AKT: Also the other family members, the kids.

MD: And she stays alone at the table with the little glass.

AKT: And everybody but her son disappears and doesn’t want the crème caramel she prepared. Even he walks away with his plate.

MD: And the moment the kids are gone, the basket has the power.

AKT: Another great moment, I thought, was when the little boy after the father leaves, complains: “I don’t want to eat with no one across from me.” A very perceptive line!

MD: I imagined that in a family of four when one person goes away, it’s like a table without one leg. There is a loss and if we are three of us, it’s a triangle and no longer a square. We can organise another pattern.

AKT: They have to. All the un-dealt-with issues come out in the film. Everything people push away comes out because of this turtle business.
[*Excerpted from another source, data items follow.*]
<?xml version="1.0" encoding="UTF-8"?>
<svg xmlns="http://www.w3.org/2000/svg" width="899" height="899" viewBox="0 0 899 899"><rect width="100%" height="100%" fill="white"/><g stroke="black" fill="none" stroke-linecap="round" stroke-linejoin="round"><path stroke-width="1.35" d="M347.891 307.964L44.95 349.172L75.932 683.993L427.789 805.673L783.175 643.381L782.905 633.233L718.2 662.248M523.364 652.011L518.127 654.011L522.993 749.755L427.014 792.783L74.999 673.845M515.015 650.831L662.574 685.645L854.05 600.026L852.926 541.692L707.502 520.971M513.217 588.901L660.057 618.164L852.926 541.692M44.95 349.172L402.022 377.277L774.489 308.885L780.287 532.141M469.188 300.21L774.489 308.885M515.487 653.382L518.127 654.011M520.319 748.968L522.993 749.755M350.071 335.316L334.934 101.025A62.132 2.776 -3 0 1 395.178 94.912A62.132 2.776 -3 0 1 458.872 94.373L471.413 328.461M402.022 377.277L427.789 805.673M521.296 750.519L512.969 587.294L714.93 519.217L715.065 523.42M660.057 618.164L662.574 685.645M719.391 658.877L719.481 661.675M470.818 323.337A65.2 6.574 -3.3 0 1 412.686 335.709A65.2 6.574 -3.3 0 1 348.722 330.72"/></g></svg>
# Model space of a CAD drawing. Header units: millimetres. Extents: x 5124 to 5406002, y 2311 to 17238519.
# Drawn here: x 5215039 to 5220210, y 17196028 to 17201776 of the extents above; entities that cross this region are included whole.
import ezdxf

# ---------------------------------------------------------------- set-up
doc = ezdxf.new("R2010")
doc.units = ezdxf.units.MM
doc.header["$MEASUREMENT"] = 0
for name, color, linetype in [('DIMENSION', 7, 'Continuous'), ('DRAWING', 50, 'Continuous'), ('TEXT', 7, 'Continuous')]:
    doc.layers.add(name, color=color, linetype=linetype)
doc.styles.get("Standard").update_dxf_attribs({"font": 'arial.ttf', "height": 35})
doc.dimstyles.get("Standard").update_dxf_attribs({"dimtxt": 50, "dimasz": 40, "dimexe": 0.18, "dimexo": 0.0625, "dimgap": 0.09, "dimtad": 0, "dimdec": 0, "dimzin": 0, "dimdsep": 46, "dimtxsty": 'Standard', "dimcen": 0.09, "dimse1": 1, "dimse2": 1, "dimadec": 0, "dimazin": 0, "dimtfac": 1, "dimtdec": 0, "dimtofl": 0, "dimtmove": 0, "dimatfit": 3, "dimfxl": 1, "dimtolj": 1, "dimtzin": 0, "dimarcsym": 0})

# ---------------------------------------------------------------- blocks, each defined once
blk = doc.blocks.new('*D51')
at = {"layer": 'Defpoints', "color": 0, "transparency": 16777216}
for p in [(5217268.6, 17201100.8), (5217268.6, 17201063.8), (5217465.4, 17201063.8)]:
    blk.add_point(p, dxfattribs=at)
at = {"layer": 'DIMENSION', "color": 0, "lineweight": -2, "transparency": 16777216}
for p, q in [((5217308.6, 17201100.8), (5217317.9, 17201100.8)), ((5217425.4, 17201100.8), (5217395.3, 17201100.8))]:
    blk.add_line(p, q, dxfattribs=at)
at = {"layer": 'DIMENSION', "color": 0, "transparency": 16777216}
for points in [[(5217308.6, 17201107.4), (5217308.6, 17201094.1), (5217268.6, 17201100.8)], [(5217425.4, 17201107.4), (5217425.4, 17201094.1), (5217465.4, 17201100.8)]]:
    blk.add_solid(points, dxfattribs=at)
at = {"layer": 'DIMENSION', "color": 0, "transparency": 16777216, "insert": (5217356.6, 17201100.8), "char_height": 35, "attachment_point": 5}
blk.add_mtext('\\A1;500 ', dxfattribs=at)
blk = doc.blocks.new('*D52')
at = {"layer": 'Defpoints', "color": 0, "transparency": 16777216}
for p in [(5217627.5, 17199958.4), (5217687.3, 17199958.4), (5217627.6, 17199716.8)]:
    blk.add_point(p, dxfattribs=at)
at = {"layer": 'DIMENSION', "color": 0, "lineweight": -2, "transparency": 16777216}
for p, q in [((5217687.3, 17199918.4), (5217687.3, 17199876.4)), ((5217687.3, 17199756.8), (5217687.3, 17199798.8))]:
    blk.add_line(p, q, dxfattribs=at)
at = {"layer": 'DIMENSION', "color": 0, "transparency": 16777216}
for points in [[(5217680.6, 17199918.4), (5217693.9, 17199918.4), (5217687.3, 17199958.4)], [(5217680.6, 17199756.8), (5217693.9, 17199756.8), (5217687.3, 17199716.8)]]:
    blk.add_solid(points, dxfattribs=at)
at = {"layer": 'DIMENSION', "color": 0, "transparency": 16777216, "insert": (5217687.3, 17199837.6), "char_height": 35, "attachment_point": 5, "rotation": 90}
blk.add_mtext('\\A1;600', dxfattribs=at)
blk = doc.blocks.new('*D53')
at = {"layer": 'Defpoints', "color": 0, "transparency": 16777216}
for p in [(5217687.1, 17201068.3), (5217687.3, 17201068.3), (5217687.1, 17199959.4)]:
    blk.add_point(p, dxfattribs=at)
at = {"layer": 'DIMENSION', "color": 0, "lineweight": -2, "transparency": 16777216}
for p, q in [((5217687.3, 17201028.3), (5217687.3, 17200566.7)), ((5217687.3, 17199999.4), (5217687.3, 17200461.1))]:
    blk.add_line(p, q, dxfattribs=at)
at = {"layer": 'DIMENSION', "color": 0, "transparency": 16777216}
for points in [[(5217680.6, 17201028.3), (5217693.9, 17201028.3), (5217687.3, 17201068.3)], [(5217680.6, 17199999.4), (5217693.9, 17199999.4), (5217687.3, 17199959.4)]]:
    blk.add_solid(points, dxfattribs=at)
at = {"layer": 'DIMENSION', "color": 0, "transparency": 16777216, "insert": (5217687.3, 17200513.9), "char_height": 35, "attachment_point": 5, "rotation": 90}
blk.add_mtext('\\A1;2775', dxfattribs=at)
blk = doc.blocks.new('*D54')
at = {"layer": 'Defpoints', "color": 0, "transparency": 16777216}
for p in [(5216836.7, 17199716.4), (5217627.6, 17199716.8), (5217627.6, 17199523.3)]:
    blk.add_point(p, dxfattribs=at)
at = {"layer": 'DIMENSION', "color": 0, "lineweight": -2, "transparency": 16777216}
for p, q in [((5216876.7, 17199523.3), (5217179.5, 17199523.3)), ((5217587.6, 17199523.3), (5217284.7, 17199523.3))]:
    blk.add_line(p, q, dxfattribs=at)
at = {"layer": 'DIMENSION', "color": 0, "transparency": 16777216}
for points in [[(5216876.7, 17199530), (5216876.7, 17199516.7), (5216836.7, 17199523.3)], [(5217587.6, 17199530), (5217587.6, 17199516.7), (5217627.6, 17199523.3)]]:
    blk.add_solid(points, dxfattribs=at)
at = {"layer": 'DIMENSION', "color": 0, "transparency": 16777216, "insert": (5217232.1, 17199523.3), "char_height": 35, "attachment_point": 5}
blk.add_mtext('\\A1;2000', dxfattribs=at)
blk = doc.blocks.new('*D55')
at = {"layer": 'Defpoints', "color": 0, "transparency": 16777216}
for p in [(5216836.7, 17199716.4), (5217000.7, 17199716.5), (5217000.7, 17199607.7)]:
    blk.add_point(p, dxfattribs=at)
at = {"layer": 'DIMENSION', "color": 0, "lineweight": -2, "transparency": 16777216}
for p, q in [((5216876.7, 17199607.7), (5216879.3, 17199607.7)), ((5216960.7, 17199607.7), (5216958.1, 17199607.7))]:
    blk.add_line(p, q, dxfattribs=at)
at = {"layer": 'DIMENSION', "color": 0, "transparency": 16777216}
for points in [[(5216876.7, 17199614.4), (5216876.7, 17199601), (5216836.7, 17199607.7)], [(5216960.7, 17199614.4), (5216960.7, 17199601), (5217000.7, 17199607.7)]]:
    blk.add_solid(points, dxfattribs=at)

This is your first film directing?

Sveva (Romana Maggiora Vergano) with her boyfriend Luca (Francesco Gheghi)
Sveva (Romana Maggiora Vergano) with her boyfriend Luca (Francesco Gheghi)

MD: Yes.

AKT: Are you working on another project?

MD: Yes, I have a mind full of projects! I’m writing two projects and I have to decide which is my need. What do I really need to tell at this moment? I started with an old story from the 1880s but it’s more difficult to make. I have another story of a woman and I don’t know if I want to repeat some themes. So I’m struggling with the decision. I’m writing both at the moment.

AKT: Maybe you’ll see both are one! Maybe it’s a time travel story? Thank you so much!

MD: No, thank you! You’re so precise, thank you very much.